South Africa’s preparations, meanwhile, were hampered by a pay dispute, but captain Refiloe Jane insists “everything is resolved” and the players are focused on football. Coach Desiree Ellis wants Morocco’s men’s World Cup semifinal run to serve as inspiration. “They were in a tough group and no one gave them a chance,” she said. “We take a lot of heart from that.”

Group E: Netherlands vs. Portugal (Forsyth Barr, Dunedin; 7.30 p.m. local / 3.30 a.m. ET / 8.30 a.m. UK)

Odds: Netherlands -215, Draw +320, Portugal +550

Finalists four years ago, the Netherlands have been flattering to deceive for some time. Even in France 2019, the Oranje reached the final without really hitting top gear.
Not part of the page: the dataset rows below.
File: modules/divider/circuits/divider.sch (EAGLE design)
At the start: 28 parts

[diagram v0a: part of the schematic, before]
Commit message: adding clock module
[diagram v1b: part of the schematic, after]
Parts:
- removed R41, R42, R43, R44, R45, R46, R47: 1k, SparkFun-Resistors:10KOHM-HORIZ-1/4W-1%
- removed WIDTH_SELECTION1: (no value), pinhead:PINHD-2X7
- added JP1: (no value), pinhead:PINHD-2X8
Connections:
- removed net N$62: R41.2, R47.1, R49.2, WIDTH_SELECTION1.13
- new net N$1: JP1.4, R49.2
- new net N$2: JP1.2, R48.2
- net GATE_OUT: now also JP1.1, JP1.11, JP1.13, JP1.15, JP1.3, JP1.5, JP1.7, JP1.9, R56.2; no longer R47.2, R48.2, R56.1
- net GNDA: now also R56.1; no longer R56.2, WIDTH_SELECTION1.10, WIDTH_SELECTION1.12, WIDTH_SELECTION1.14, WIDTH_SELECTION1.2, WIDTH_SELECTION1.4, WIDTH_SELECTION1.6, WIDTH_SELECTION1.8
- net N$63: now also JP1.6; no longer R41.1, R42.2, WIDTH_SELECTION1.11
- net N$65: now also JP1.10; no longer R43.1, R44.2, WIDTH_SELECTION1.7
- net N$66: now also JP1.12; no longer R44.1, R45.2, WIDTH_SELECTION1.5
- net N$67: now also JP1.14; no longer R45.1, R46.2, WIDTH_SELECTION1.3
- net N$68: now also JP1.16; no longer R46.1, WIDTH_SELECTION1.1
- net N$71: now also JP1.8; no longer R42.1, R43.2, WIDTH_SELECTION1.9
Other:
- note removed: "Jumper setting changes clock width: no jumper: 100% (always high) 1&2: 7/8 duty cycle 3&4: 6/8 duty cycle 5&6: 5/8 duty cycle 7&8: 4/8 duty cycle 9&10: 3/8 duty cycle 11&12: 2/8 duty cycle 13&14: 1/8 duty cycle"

This time around the considerations are different: The squad is younger, star striker Vivianne Miedema is still rehabbing an ACL injury, and next-most important player (Lieke Martens) has been battling with her own injuries this year.

Despite the context, the pressure will still be on the Dutch to deliver, especially against a debuting but evolving Portugal team. In an unforgiving group, there is little room for error. — Sophie Lawson

Group F: France vs. Jamaica (Sydney Football Stadium; 8 p.m. local / 6 a.m. ET / 11 a.m. UK)

Odds: France -6000, Draw +1200, Jamaica +8000

Coming into yet another tournament as something between favourites and sneaky contenders, France’s problems off of the pitch — like Jamaica’s — have been well-documented but even with Hervé Renard bringing positivity and joy back to Les Bleues, the World Cup may have come just too soon for France. Without Marie-Antoinette Katoto, Amandine Henry, Griedge Mbock and Delphine Cascarino, there’s no question that France have been considerably weakened in each third of the pitch.

We have also seen them struggle for their best in the limited time Renard has had with the squad. Favourites against the Reggae Girlz, France will be looking for a strong showing against Jamaica to build through the group stage but their defence will be given a stern test by Bunny Shaw & Co. — Sophie Lawson

Crystal Dunn playing with freedom and fury
Motherhood and finding her voice have helped the U.S. women’s national team veteran liberate herself from the pressure to perform.

England’s turbulent World Cup prep
It’s been a difficult year for the Lionesses since winning the Euros at home last summer. Can they rally, shrugging off key injuries and off-field conflict, to make a strong run at the World Cup?

Why are so many Women’s World Cup stars missing due to torn ACLs?
The list of absentees is depressingly long. Why is this long-term injury so much more prevalent in the women’s game?

When you score (twice) in your first ever World Cup game, chances are you are going to be named the player of the match. So when Sophia Smith was tabbed as the top player from the USWNT’s 3-0 win over Vietnam, she got the snazzy trophy — from her dad!

As dads often do, Kenny Smith was quite doting over his daughter as he gave her a big hug for her stellar performance. As she said, “Thanks, Dad!”